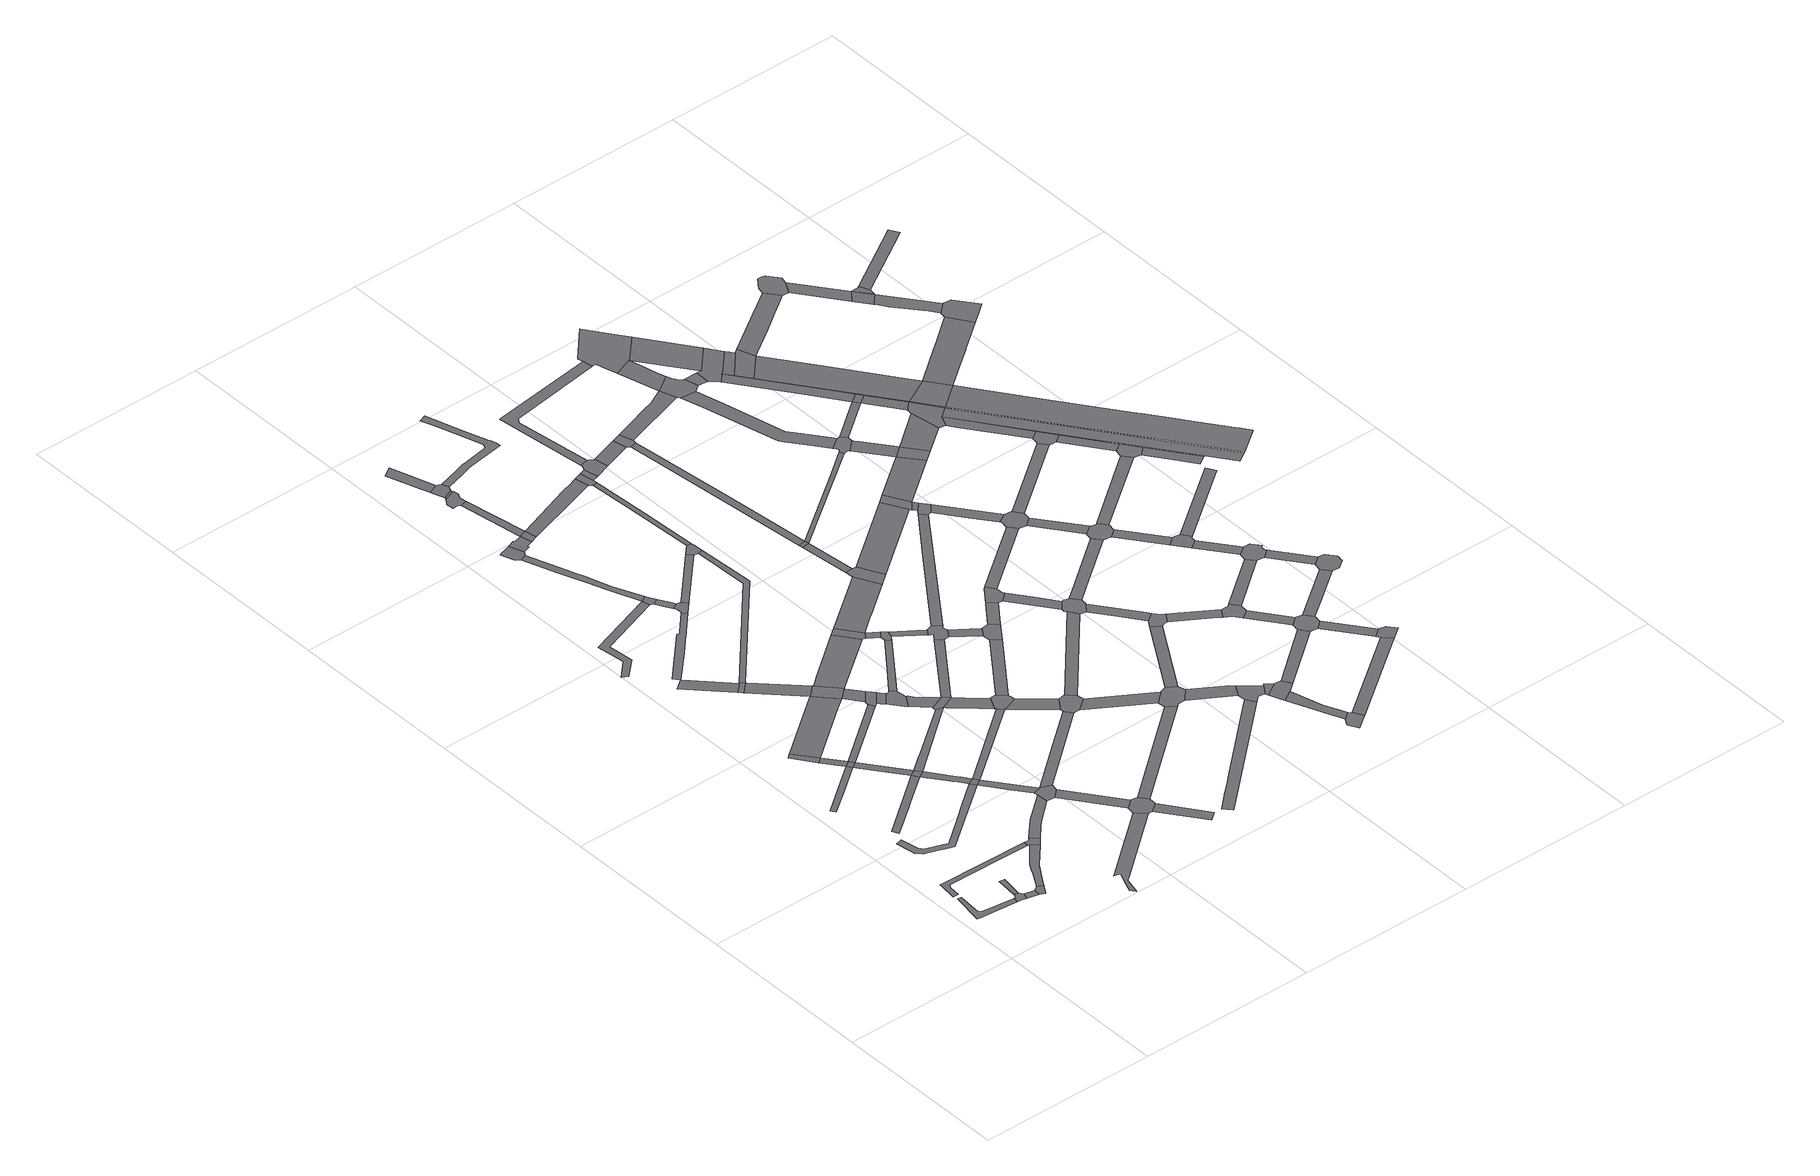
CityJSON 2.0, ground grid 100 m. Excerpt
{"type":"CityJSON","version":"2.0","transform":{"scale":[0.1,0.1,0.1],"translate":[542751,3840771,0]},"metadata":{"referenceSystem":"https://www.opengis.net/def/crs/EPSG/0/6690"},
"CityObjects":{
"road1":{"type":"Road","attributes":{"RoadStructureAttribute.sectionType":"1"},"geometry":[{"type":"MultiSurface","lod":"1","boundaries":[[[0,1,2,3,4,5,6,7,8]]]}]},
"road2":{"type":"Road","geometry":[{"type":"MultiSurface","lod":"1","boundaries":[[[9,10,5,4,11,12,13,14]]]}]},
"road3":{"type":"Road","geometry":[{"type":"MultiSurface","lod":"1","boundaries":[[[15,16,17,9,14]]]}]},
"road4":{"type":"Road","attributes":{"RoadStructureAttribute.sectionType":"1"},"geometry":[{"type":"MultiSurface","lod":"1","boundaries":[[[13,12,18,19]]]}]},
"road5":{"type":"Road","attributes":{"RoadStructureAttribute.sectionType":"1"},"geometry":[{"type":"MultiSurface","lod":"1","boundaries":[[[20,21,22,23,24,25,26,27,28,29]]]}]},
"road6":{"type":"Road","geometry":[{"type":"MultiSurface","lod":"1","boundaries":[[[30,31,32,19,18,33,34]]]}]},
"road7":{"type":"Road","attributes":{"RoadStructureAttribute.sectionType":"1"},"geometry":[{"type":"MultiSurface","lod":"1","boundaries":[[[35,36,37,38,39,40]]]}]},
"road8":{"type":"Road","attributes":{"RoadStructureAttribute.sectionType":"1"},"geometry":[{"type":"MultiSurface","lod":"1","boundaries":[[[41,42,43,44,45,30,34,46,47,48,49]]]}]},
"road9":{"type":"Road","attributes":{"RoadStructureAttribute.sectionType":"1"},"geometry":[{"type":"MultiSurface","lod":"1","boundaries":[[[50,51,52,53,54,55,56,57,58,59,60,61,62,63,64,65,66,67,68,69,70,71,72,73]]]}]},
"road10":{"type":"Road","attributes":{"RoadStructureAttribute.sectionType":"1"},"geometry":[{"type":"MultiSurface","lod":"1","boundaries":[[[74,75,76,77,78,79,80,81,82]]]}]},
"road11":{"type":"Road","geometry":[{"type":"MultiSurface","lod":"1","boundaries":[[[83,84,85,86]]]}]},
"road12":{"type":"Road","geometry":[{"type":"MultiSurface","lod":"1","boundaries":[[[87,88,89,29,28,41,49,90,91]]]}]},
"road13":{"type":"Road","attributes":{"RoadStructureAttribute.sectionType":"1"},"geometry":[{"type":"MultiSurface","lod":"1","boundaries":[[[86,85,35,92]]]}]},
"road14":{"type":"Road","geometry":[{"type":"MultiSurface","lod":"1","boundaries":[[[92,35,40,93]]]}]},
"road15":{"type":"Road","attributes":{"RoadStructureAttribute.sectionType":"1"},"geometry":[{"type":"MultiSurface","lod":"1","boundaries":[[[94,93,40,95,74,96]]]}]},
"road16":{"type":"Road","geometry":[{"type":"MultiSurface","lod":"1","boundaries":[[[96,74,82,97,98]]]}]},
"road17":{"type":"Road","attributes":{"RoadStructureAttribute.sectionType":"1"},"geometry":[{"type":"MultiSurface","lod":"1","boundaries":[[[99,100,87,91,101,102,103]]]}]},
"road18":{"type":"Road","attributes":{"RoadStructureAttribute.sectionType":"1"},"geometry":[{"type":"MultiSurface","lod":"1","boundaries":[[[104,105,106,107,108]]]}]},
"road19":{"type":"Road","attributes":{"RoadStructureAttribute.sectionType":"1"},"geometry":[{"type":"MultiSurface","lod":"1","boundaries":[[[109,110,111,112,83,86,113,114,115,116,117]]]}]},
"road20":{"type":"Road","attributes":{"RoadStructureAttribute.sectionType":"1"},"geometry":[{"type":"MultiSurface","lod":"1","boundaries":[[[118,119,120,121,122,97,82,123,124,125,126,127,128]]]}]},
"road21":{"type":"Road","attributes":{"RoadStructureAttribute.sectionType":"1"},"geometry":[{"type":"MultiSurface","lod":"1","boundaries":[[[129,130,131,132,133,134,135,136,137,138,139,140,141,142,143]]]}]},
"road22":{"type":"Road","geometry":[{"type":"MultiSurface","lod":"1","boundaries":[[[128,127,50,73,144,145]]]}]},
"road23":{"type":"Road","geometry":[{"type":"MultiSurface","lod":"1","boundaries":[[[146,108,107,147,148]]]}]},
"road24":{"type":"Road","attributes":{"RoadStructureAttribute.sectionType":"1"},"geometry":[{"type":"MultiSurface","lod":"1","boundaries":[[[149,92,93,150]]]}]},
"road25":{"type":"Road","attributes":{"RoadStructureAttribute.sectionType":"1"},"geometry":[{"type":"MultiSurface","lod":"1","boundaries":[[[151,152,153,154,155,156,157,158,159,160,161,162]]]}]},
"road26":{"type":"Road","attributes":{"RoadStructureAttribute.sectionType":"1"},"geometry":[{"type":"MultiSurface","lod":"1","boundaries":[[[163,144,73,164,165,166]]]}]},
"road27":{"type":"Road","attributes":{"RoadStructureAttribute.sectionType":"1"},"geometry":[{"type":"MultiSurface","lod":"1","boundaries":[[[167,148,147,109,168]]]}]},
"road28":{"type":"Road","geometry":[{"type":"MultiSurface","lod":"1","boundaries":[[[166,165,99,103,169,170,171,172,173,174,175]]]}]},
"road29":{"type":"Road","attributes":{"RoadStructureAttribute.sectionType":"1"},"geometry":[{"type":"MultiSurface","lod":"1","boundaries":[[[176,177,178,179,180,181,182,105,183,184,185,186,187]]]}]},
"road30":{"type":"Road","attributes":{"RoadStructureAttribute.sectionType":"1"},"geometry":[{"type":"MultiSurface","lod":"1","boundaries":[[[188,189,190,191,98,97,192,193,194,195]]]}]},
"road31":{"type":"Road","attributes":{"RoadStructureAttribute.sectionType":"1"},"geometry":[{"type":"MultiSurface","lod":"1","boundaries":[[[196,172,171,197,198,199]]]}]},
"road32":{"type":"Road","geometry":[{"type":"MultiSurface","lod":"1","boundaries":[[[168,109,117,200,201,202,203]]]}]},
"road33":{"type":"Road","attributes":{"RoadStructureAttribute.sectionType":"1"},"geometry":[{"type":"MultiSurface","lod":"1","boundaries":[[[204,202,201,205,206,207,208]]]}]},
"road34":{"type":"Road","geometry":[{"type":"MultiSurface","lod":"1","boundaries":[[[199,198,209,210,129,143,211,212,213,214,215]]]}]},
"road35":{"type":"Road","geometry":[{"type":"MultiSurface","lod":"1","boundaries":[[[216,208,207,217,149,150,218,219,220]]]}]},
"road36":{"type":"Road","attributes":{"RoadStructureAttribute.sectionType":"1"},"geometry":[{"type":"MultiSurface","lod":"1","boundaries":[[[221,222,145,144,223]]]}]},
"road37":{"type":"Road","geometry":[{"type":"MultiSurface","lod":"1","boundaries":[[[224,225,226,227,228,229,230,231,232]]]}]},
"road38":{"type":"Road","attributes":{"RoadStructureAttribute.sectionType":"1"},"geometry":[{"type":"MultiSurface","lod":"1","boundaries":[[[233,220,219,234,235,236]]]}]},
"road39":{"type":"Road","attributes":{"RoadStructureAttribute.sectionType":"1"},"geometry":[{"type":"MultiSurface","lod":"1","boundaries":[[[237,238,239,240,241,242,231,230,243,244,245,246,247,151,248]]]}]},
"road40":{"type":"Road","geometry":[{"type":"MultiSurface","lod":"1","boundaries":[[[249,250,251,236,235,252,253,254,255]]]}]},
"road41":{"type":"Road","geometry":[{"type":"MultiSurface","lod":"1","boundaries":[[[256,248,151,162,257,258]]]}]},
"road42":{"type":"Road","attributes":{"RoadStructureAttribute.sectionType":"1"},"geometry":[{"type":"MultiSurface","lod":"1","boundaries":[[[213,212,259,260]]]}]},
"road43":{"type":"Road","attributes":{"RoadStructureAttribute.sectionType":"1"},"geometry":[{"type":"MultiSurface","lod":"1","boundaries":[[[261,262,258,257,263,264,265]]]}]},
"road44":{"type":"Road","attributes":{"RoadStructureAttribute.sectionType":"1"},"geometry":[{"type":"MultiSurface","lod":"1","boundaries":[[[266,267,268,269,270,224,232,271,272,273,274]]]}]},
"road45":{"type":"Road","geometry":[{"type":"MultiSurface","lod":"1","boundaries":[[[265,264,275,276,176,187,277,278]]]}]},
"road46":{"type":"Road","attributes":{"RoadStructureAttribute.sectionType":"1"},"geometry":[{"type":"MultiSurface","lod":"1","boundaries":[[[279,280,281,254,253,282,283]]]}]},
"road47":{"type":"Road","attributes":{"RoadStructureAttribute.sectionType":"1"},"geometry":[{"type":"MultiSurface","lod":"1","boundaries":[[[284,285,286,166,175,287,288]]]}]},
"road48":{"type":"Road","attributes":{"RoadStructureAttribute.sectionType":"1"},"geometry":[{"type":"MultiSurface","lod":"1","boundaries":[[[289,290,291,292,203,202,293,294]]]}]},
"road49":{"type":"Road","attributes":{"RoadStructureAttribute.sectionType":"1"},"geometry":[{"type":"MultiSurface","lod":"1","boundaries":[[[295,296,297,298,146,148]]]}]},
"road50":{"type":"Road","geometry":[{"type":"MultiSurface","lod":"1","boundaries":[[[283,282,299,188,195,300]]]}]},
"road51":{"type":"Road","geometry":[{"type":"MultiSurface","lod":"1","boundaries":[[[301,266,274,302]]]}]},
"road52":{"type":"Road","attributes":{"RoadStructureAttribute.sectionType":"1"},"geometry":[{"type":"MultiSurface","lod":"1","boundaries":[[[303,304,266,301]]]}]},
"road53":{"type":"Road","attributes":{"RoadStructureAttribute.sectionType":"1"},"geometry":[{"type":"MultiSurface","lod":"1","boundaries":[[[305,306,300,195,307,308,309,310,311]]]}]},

### Exercise description
Filter by the word "CityJSON": copy every line of the data that holds it.

### Answer to the problem
CityJSON 2.0, ground grid 100 m. Excerpt
{"type":"CityJSON","version":"2.0","transform":{"scale":[0.1,0.1,0.1],"translate":[542751,3840771,0]},"metadata":{"referenceSystem":"https://www.opengis.net/def/crs/EPSG/0/6690"},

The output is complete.